Только для Ермолова с той поры начался будто какой-то катастрофический отсчет. Как если бы невидимой рукой запущен был неведомый таймер, щелкавший на циферблате время до будущего срока, когда и наступит всему полный крах. И самое гнусное из всего заключалось в том, что сам Ермолов ни о чем не знал и потому все бесплодно надеялся. На собственные силы и умения, на скрупулезный расчет, и что назавтра плохое переменится на хорошее, и что кольцо, вдруг начавшее сжиматься на шее у страны, вверенной в его управление, удастся расцепить. Он мог ничего не предпринимать совершенно, прожигать жизнь и разбазаривать государственные ценности в угаре мотовства, мог даже пьяный плясать с девками на Красной площади и посылать на три буквы всю мировую общественность вместе взятую. Все равно хуже бы не было. А он завинчивал расшатавшиеся гайки, собирал по кусочку, что еще можно было собрать, уговаривал и умолял разуверившихся, а где надо и сажал без жалости обнаглевших.

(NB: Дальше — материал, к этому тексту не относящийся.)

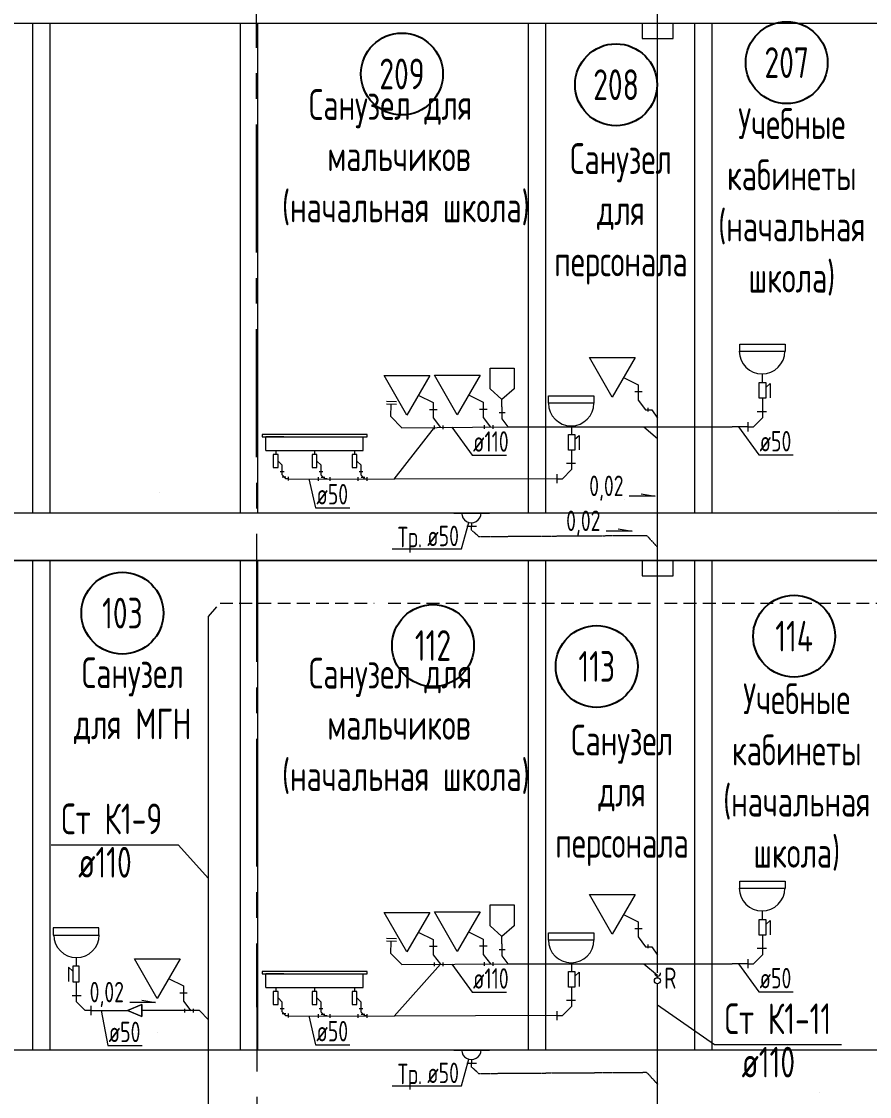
# Model space of a CAD drawing. Header units: millimetres. Extents: x -8689834 to 9419935, y -284943 to 166066.
# Drawn here: x -143613 to -135335, y -220230 to -209729 of the extents above; entities that cross this region are included whole.
import ezdxf
from ezdxf.enums import TextEntityAlignment as Align

# ---------------------------------------------------------------- set-up
doc = ezdxf.new("R2010")
doc.units = ezdxf.units.MM
doc.header["$MEASUREMENT"] = 0
doc.linetypes.add('01_base$0$DASHED2', pattern=[0.375, 0.25, -0.125])
doc.linetypes.add('CENTER', pattern=[2, 1.25, -0.25, 0.25, -0.25])
doc.layers.get('0').update_dxf_attribs({"color": 250, "lineweight": 9})
for name, color, linetype in [('PDF _0', 7, 'Continuous'), ('PDF __ВК-Text В1', 7, 'Continuous'), ('PDF __ВК-В1', 5, 'Continuous'), ('PDF __ВК-переход', 7, 'Continuous'), ('PDF __ВК-противопожарные муфты', 1, 'Continuous'), ('PDF __ВК-стены', 7, 'Continuous'), ('PDF __Сантехника', 7, 'Continuous'), ('АР_Кровля дорожки', 245, 'Continuous'), ('АР_Таблицы', 250, 'Continuous')]:
    doc.layers.add(name, color=color, linetype=linetype)
doc.layers.add('PDF __ВК-К1', color=7, linetype='Continuous', true_color=0xb80000)
for name, color, linetype, lineweight in [('АР_Маркер экспликации', 239, 'Continuous', 13), ('АР_Номер помещения', 1, 'Continuous', 25), ('АР_Оси', 195, 'Continuous', 9), ('АР_Помещения_площадь', 19, 'Continuous', 9), ('ВК_канализация', 32, 'Continuous', 30)]:
    doc.layers.add(name, color=color, linetype=linetype, lineweight=lineweight)
doc.styles.add('ISOCPEUR', font='isocpeur.ttf', dxfattribs={"width": 0.7})
doc.styles.get("Standard").update_dxf_attribs({"font": 'isocpeur.ttf', "width": 0.7})

# ---------------------------------------------------------------- blocks, each defined once
blk = doc.blocks.new('*U2023')
at = {"layer": 'АР_Номер помещения', "color": 7}
blk.add_circle((-15720, 4793), 400, dxfattribs=at)
at = {"layer": 'АР_Помещения_площадь', "color": 7}
blk.add_line((-13545, 633), (-13545, 633), dxfattribs=at)
at = {"color": 7, "style": 'ISOCPEUR', "width": 0.7, "flags": 1}
blk.add_attdef('КАТЕГОРИЯ', (-499, -2092), '', height=250, dxfattribs=at)
at = {"layer": 'АР_Номер помещения', "color": 7, "style": 'ISOCPEUR', "width": 0.7}
blk.add_attdef('НОМЕР_ПОМЕЩЕНИЯ', text='', height=300, dxfattribs=at).set_placement((-15720, 4793), align=Align.MIDDLE_CENTER)
at = {"layer": 'АР_Помещения_площадь', "color": 7, "lineweight": 30, "width": 0.7, "flags": 104}
blk.add_attdef('ИМЯ_ПОМЕЩЕНИЯ', text='', height=100, dxfattribs=at).set_placement((158, 1217), align=Align.MIDDLE_CENTER)
at = {"layer": 'АР_Помещения_площадь', "color": 7, "style": 'ISOCPEUR', "width": 0.7}
blk.add_attdef('ПЛОЩАДЬ_ПОМЕЩЕНИЯ', text='', height=200, dxfattribs=at).set_placement((-13540, 880), align=Align.MIDDLE_RIGHT)
blk = doc.blocks.new('*U1976')
at = {"layer": 'АР_Номер помещения', "color": 7}
blk.add_circle((-15720, 4793), 400, dxfattribs=at)
at = {"layer": 'АР_Помещения_площадь', "color": 7}
blk.add_line((-13545, 633), (-13545, 633), dxfattribs=at)
at = {"color": 7, "style": 'ISOCPEUR', "width": 0.7, "flags": 1}
blk.add_attdef('КАТЕГОРИЯ', (-499, -2092), '', height=250, dxfattribs=at)
at = {"layer": 'АР_Номер помещения', "color": 7, "style": 'ISOCPEUR', "width": 0.7}
blk.add_attdef('НОМЕР_ПОМЕЩЕНИЯ', text='', height=300, dxfattribs=at).set_placement((-15720, 4793), align=Align.MIDDLE_CENTER)
at = {"layer": 'АР_Помещения_площадь', "color": 7, "lineweight": 30, "width": 0.7, "flags": 104}
blk.add_attdef('ИМЯ_ПОМЕЩЕНИЯ', text='', height=100, dxfattribs=at).set_placement((158, 1217), align=Align.MIDDLE_CENTER)
at = {"layer": 'АР_Помещения_площадь', "color": 7, "style": 'ISOCPEUR', "width": 0.7}
blk.add_attdef('ПЛОЩАДЬ_ПОМЕЩЕНИЯ', text='', height=200, dxfattribs=at).set_placement((-13540, 880), align=Align.MIDDLE_RIGHT)
blk = doc.blocks.new('*U1973')
at = {"layer": 'АР_Номер помещения', "color": 7}
blk.add_circle((-15720, 4793), 400, dxfattribs=at)
at = {"layer": 'АР_Помещения_площадь', "color": 7}
blk.add_line((-13545, 633), (-13545, 633), dxfattribs=at)
at = {"color": 7, "style": 'ISOCPEUR', "width": 0.7, "flags": 1}
blk.add_attdef('КАТЕГОРИЯ', (-499, -2092), '', height=250, dxfattribs=at)
at = {"layer": 'АР_Номер помещения', "color": 7, "style": 'ISOCPEUR', "width": 0.7}
blk.add_attdef('НОМЕР_ПОМЕЩЕНИЯ', text='', height=300, dxfattribs=at).set_placement((-15720, 4793), align=Align.MIDDLE_CENTER)
at = {"layer": 'АР_Помещения_площадь', "color": 7, "lineweight": 30, "width": 0.7, "flags": 104}
blk.add_attdef('ИМЯ_ПОМЕЩЕНИЯ', text='', height=100, dxfattribs=at).set_placement((158, 1217), align=Align.MIDDLE_CENTER)
at = {"layer": 'АР_Помещения_площадь', "color": 7, "style": 'ISOCPEUR', "width": 0.7}
blk.add_attdef('ПЛОЩАДЬ_ПОМЕЩЕНИЯ', text='', height=200, dxfattribs=at).set_placement((-13540, 880), align=Align.MIDDLE_RIGHT)
blk = doc.blocks.new('*U1974')
at = {"layer": 'АР_Номер помещения', "color": 7}
blk.add_circle((-15720, 4793), 400, dxfattribs=at)
at = {"layer": 'АР_Помещения_площадь', "color": 7}
blk.add_line((-13545, 633), (-13545, 633), dxfattribs=at)
at = {"color": 7, "style": 'ISOCPEUR', "width": 0.7, "flags": 1}
blk.add_attdef('КАТЕГОРИЯ', (-499, -2092), '', height=250, dxfattribs=at)
at = {"layer": 'АР_Номер помещения', "color": 7, "style": 'ISOCPEUR', "width": 0.7}
blk.add_attdef('НОМЕР_ПОМЕЩЕНИЯ', text='', height=300, dxfattribs=at).set_placement((-15720, 4793), align=Align.MIDDLE_CENTER)
at = {"layer": 'АР_Помещения_площадь', "color": 7, "lineweight": 30, "width": 0.7, "flags": 104}
blk.add_attdef('ИМЯ_ПОМЕЩЕНИЯ', text='', height=100, dxfattribs=at).set_placement((158, 1217), align=Align.MIDDLE_CENTER)
at = {"layer": 'АР_Помещения_площадь', "color": 7, "style": 'ISOCPEUR', "width": 0.7}
blk.add_attdef('ПЛОЩАДЬ_ПОМЕЩЕНИЯ', text='', height=200, dxfattribs=at).set_placement((-13540, 880), align=Align.MIDDLE_RIGHT)
blk = doc.blocks.new('*U1969')
at = {"layer": 'АР_Номер помещения', "color": 7}
blk.add_circle((-15720, 4793), 400, dxfattribs=at)
at = {"layer": 'АР_Помещения_площадь', "color": 7}
blk.add_line((-13545, 633), (-13545, 633), dxfattribs=at)
at = {"color": 7, "style": 'ISOCPEUR', "width": 0.7, "flags": 1}
blk.add_attdef('КАТЕГОРИЯ', (-499, -2092), '', height=250, dxfattribs=at)
at = {"layer": 'АР_Номер помещения', "color": 7, "style": 'ISOCPEUR', "width": 0.7}
blk.add_attdef('НОМЕР_ПОМЕЩЕНИЯ', text='', height=300, dxfattribs=at).set_placement((-15720, 4793), align=Align.MIDDLE_CENTER)
at = {"layer": 'АР_Помещения_площадь', "color": 7, "lineweight": 30, "width": 0.7, "flags": 104}
blk.add_attdef('ИМЯ_ПОМЕЩЕНИЯ', text='', height=100, dxfattribs=at).set_placement((158, 1217), align=Align.MIDDLE_CENTER)
at = {"layer": 'АР_Помещения_площадь', "color": 7, "style": 'ISOCPEUR', "width": 0.7}
blk.add_attdef('ПЛОЩАДЬ_ПОМЕЩЕНИЯ', text='', height=200, dxfattribs=at).set_placement((-13540, 880), align=Align.MIDDLE_RIGHT)
blk = doc.blocks.new('*U1970')
at = {"layer": 'АР_Номер помещения', "color": 7}
blk.add_circle((-15720, 4793), 400, dxfattribs=at)
at = {"layer": 'АР_Помещения_площадь', "color": 7}
blk.add_line((-13545, 633), (-13545, 633), dxfattribs=at)
at = {"color": 7, "style": 'ISOCPEUR', "width": 0.7, "flags": 1}
blk.add_attdef('КАТЕГОРИЯ', (-499, -2092), '', height=250, dxfattribs=at)
at = {"layer": 'АР_Номер помещения', "color": 7, "style": 'ISOCPEUR', "width": 0.7}
blk.add_attdef('НОМЕР_ПОМЕЩЕНИЯ', text='', height=300, dxfattribs=at).set_placement((-15720, 4793), align=Align.MIDDLE_CENTER)
at = {"layer": 'АР_Помещения_площадь', "color": 7, "lineweight": 30, "width": 0.7, "flags": 104}
blk.add_attdef('ИМЯ_ПОМЕЩЕНИЯ', text='', height=100, dxfattribs=at).set_placement((158, 1217), align=Align.MIDDLE_CENTER)
at = {"layer": 'АР_Помещения_площадь', "color": 7, "style": 'ISOCPEUR', "width": 0.7}
blk.add_attdef('ПЛОЩАДЬ_ПОМЕЩЕНИЯ', text='', height=200, dxfattribs=at).set_placement((-13540, 880), align=Align.MIDDLE_RIGHT)
blk = doc.blocks.new('*U1971')
at = {"layer": 'АР_Номер помещения', "color": 7}
blk.add_circle((-15720, 4793), 400, dxfattribs=at)
at = {"layer": 'АР_Помещения_площадь', "color": 7}
blk.add_line((-13545, 633), (-13545, 633), dxfattribs=at)
at = {"color": 7, "style": 'ISOCPEUR', "width": 0.7, "flags": 1}
blk.add_attdef('КАТЕГОРИЯ', (-499, -2092), '', height=250, dxfattribs=at)
at = {"layer": 'АР_Номер помещения', "color": 7, "style": 'ISOCPEUR', "width": 0.7}
blk.add_attdef('НОМЕР_ПОМЕЩЕНИЯ', text='', height=300, dxfattribs=at).set_placement((-15720, 4793), align=Align.MIDDLE_CENTER)
at = {"layer": 'АР_Помещения_площадь', "color": 7, "lineweight": 30, "width": 0.7, "flags": 104}
blk.add_attdef('ИМЯ_ПОМЕЩЕНИЯ', text='', height=100, dxfattribs=at).set_placement((158, 1217), align=Align.MIDDLE_CENTER)
at = {"layer": 'АР_Помещения_площадь', "color": 7, "style": 'ISOCPEUR', "width": 0.7}
blk.add_attdef('ПЛОЩАДЬ_ПОМЕЩЕНИЯ', text='', height=200, dxfattribs=at).set_placement((-13540, 880), align=Align.MIDDLE_RIGHT)
blk = doc.blocks.new('*U1950')
at = {"layer": 'АР_Номер помещения', "color": 7}
blk.add_circle((-15720, 4793), 400, dxfattribs=at)
at = {"layer": 'АР_Помещения_площадь', "color": 7}
blk.add_line((-13545, 633), (-13545, 633), dxfattribs=at)
at = {"color": 7, "style": 'ISOCPEUR', "width": 0.7, "flags": 1}
blk.add_attdef('КАТЕГОРИЯ', (-499, -2092), '', height=250, dxfattribs=at)
at = {"layer": 'АР_Номер помещения', "color": 7, "style": 'ISOCPEUR', "width": 0.7}
blk.add_attdef('НОМЕР_ПОМЕЩЕНИЯ', text='', height=300, dxfattribs=at).set_placement((-15720, 4793), align=Align.MIDDLE_CENTER)
at = {"layer": 'АР_Помещения_площадь', "color": 7, "lineweight": 30, "width": 0.7, "flags": 104}
blk.add_attdef('ИМЯ_ПОМЕЩЕНИЯ', text='', height=100, dxfattribs=at).set_placement((158, 1217), align=Align.MIDDLE_CENTER)
at = {"layer": 'АР_Помещения_площадь', "color": 7, "style": 'ISOCPEUR', "width": 0.7}
blk.add_attdef('ПЛОЩАДЬ_ПОМЕЩЕНИЯ', text='', height=200, dxfattribs=at).set_placement((-13540, 880), align=Align.MIDDLE_RIGHT)
blk = doc.blocks.new('*U1949')
at = {"layer": 'АР_Номер помещения', "color": 7}
blk.add_circle((-15720, 4793), 400, dxfattribs=at)
at = {"layer": 'АР_Помещения_площадь', "color": 7}
blk.add_line((-13545, 633), (-13545, 633), dxfattribs=at)
at = {"color": 7, "style": 'ISOCPEUR', "width": 0.7, "flags": 1}
blk.add_attdef('КАТЕГОРИЯ', (-499, -2092), '', height=250, dxfattribs=at)
at = {"layer": 'АР_Номер помещения', "color": 7, "style": 'ISOCPEUR', "width": 0.7}
blk.add_attdef('НОМЕР_ПОМЕЩЕНИЯ', text='', height=300, dxfattribs=at).set_placement((-15720, 4793), align=Align.MIDDLE_CENTER)
at = {"layer": 'АР_Помещения_площадь', "color": 7, "lineweight": 30, "width": 0.7, "flags": 104}
blk.add_attdef('ИМЯ_ПОМЕЩЕНИЯ', text='', height=100, dxfattribs=at).set_placement((158, 1217), align=Align.MIDDLE_CENTER)
at = {"layer": 'АР_Помещения_площадь', "color": 7, "style": 'ISOCPEUR', "width": 0.7}
blk.add_attdef('ПЛОЩАДЬ_ПОМЕЩЕНИЯ', text='', height=200, dxfattribs=at).set_placement((-13540, 880), align=Align.MIDDLE_RIGHT)

msp = doc.modelspace()

# ---------------------------------------------------------------- linework, layer by layer
at = {"layer": 'PDF _0', "color": 3, "lineweight": 13}
for centre in [(-139221.1, -214529.4), (-139221.1, -214529.4), (-139221.1, -219774.3), (-139221.1, -219774.3)]:
    msp.add_arc(centre, 95.2, 179.99999, 0.00001, dxfattribs=at)
at = {"layer": 'PDF __ВК-Text В1', "lineweight": 13}
for points in [[(-137563.4, -214343.7), (-137427.1, -214366.7), (-137680.5, -214366.7)], [(-137788.5, -214685.1), (-137652.2, -214708.2), (-137905.6, -214708.2)], [(-142440.1, -219288.8), (-142303.9, -219311.8), (-142557.2, -219311.8)]]:
    msp.add_lwpolyline(points, dxfattribs=at)
at = {"layer": 'PDF __ВК-В1', "color": 244, "lineweight": 13, "true_color": 0x991b1e}
for points in [[(-137404.2, -219022.6), (-137403.2, -202412.8)], [(-141787.9, -220659), (-141787.9, -215541.5)], [(-137405.5, -220660.8), (-137404.9, -219129.4)]]:
    msp.add_lwpolyline(points, dxfattribs=at)
at = {"layer": 'PDF __ВК-К1', "color": 244, "lineweight": 13, "true_color": 0x991b1e}
for points in [[(-137627.3, -213343.6), (-137554.8, -213343.6)], [(-137592.8, -213277.9), (-137592.8, -213426.5)], [(-139954, -213470.2), (-140051.2, -213468.2)], [(-139953.4, -213444.2), (-140050.7, -213442.1)], [(-139901.8, -213696.8), (-140006.3, -213587.8), (-140003.8, -213469.2)], [(-139594.7, -213451.9), (-139594.7, -213600.4)], [(-139106, -213448.4), (-139106, -213596.9)], [(-137592.8, -213426.5), (-137520.2, -213522.3)], [(-136379.6, -213408.9), (-136379.6, -213599.4)], [(-139629.2, -213517.5), (-139556.7, -213517.5)], [(-139140.6, -213514), (-139068, -213514)], [(-138950.5, -213547.4), (-138892.5, -213547.4)], [(-138922.9, -213492.2), (-138922.9, -213610.9)], [(-137495.7, -213537.4), (-137495.7, -213500.9)], [(-136341.5, -213540.1), (-136430.4, -213540.1)], [(-139594.7, -213600.4), (-139522.1, -213693.7)], [(-139581.3, -213711.3), (-139581.3, -213674.8)], [(-139497.6, -213711.3), (-139497.6, -213674.8)], [(-139106, -213596.9), (-139033.5, -213690.2)], [(-139092.7, -213707.8), (-139092.7, -213671.4)], [(-139009, -213707.8), (-139009, -213671.4)], [(-138922.9, -213610.9), (-138864.9, -213688.2)], [(-138864.9, -213688.2), (-138784.5, -213688.2)], [(-136523.5, -213688.2), (-136468.5, -213688.2), (-136379.6, -213599.4)], [(-136523.5, -213643.8), (-136523.5, -213732.7)], [(-138243.2, -213915.5), (-138243.2, -214106)], [(-138387.1, -214194.9), (-138332.1, -214194.9), (-138243.2, -214106)], [(-138205.1, -214046.7), (-138294, -214046.7)], [(-141086.5, -214124.8), (-141050, -214124.8)], [(-141069.1, -214156.1), (-141069.1, -214119.7)], [(-141008.1, -214196.5), (-141032.4, -214196.5), (-141069.1, -214156.1)], [(-141069.1, -214175.2), (-141032.6, -214175.2)], [(-141008.3, -214211.6), (-141008.3, -214175.2)], [(-140716.9, -214180.3), (-140716.9, -214216.7)], [(-140706.5, -214124.8), (-140670.1, -214124.8)], [(-140687.4, -214159.9), (-140687.4, -214123.5)], [(-140628.4, -214197.3), (-140651, -214197.3), (-140687.4, -214159.9)], [(-140687.4, -214179), (-140651, -214179)], [(-140603.2, -214180.3), (-140603.2, -214216.7)], [(-140328.3, -214180.3), (-140328.3, -214216.7)], [(-140317.9, -214124.8), (-140281.5, -214124.8)], [(-140298.8, -214161.2), (-140298.8, -214124.8)], [(-140239.8, -214198.2), (-140262.4, -214198.2), (-140298.8, -214161.2)], [(-140298.8, -214180.3), (-140262.4, -214180.3)], [(-140239.8, -214216.7), (-140239.8, -214180.3)], [(-138387.1, -214150.4), (-138387.1, -214239.3)], [(-139392.6, -214531.5), (-139045.5, -214531.5)], [(-139219, -214696.6), (-139218.3, -214624.7)], [(-139172.5, -214662.8), (-139265.6, -214662.8)], [(-139172.5, -214662.8), (-139265.6, -214662.8)], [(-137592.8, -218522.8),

Он смог построить заново, пусть и без прежнего великолепия, зато достаточно прочно, а за великолепием дело не станет, только дайте срок. Но срока Ермолову не дали.
Вскоре начались ползучие неприятности. Помаленьку, полегоньку. И все они шли ровными рядами извне. И чем более укреплял он государственные стены изнутри, тем сильнее наваливались на них вороги снаружи. Будто канат перетягивали. И все под предлогами благовидными. Народ – тот, конечно, был за Ермолова. Ему, народу, то есть, русскому испокон веков чего надобно-то? От демократии подальше, к царю поближе. Только весь народ с собой в Совбез ООН не приведешь, места там не хватит. И для них, высоколобых конституционных западных засранцев, что народ, что баран – синонимы. Министр катит в присутственное место для службы государственной на велосипеде, и все рады. А то, что набрешет как худая собака с три короба, а после и даст приют черкесам-террористам, так то демократия. А в России, дескать, грязь, взятки да бесправная нищета. Но это только до той поры, как природный газ на две копейки вздорожает. Тут уж тебя и в зад поцелуют, и на брюхе проползут. Потому как одним куском из той же погрязшей в антигуманных грехах России и сыты бывают. Что же, давал он и газ, давал и нефть, и на потеху говорил красивые слова. А надо было кулаком промеж глаз, все равно добра не вышло, так теперь, перед концом света, хоть стыда бы перед людьми не оставалось.
И мучили Ермолова видения. Не часто, но приходили. И всегда об одном и том же, только в вариациях различных. Порой мерещился ему худой старик с раздвоенной седой бородой, потрясавший кулаками в воздухе, свирепый и безумный. Лицо его Ермолову было незнакомо, но проступало отчетливо. А после обычно случался все тот же ребенок, в пламени пожара страшно горевший, уже без кожи, прижимавший обугленные ручки в смертной тоске к тому черно-кровавому, что некогда было его тельцем. От этого видения Ермолова всегда бросало в дрожь. Ребенка, а Ермолов откуда-то знал наверное, что это мальчик, жаль ему было до сердечной слезы и хотелось прекратить его и свои мучения. Но мальчик приходил к нему вновь и вновь, и всегда потом Ермолов чуть ли не впадал в обморочное состояние от тошноты и гложущей тоски, и кружилась голова, словно свалился только что с дикой карусели.
Страшный змей, некогда пожравший его в воображении, навещал с тех пор Ермолова еще трижды. И всегда при особенно неприятных впечатлениях. Ермолов уверен был, что всё от нервов, но даже и с Поляковым откровенничать не хотел. Отчего-то именно эта галлюцинация казалась ему делом сугубо личным, и значит, справиться с ней Ермолов должен сам. К тому же по странному наваждению он уверял себя, что клубящееся змеевидное чудище отстанет от него само собой, когда кончатся лихие времена, а пока он, Ермолов, тоже платит цену за всеобщее счастье. И от страданий, которые причиняли ему видения змея и горящего ребенка, Ермолову становилось легче, будто мученику, который уже решился взойти на костер и надеется только, что от смерти его выйдет общая польза.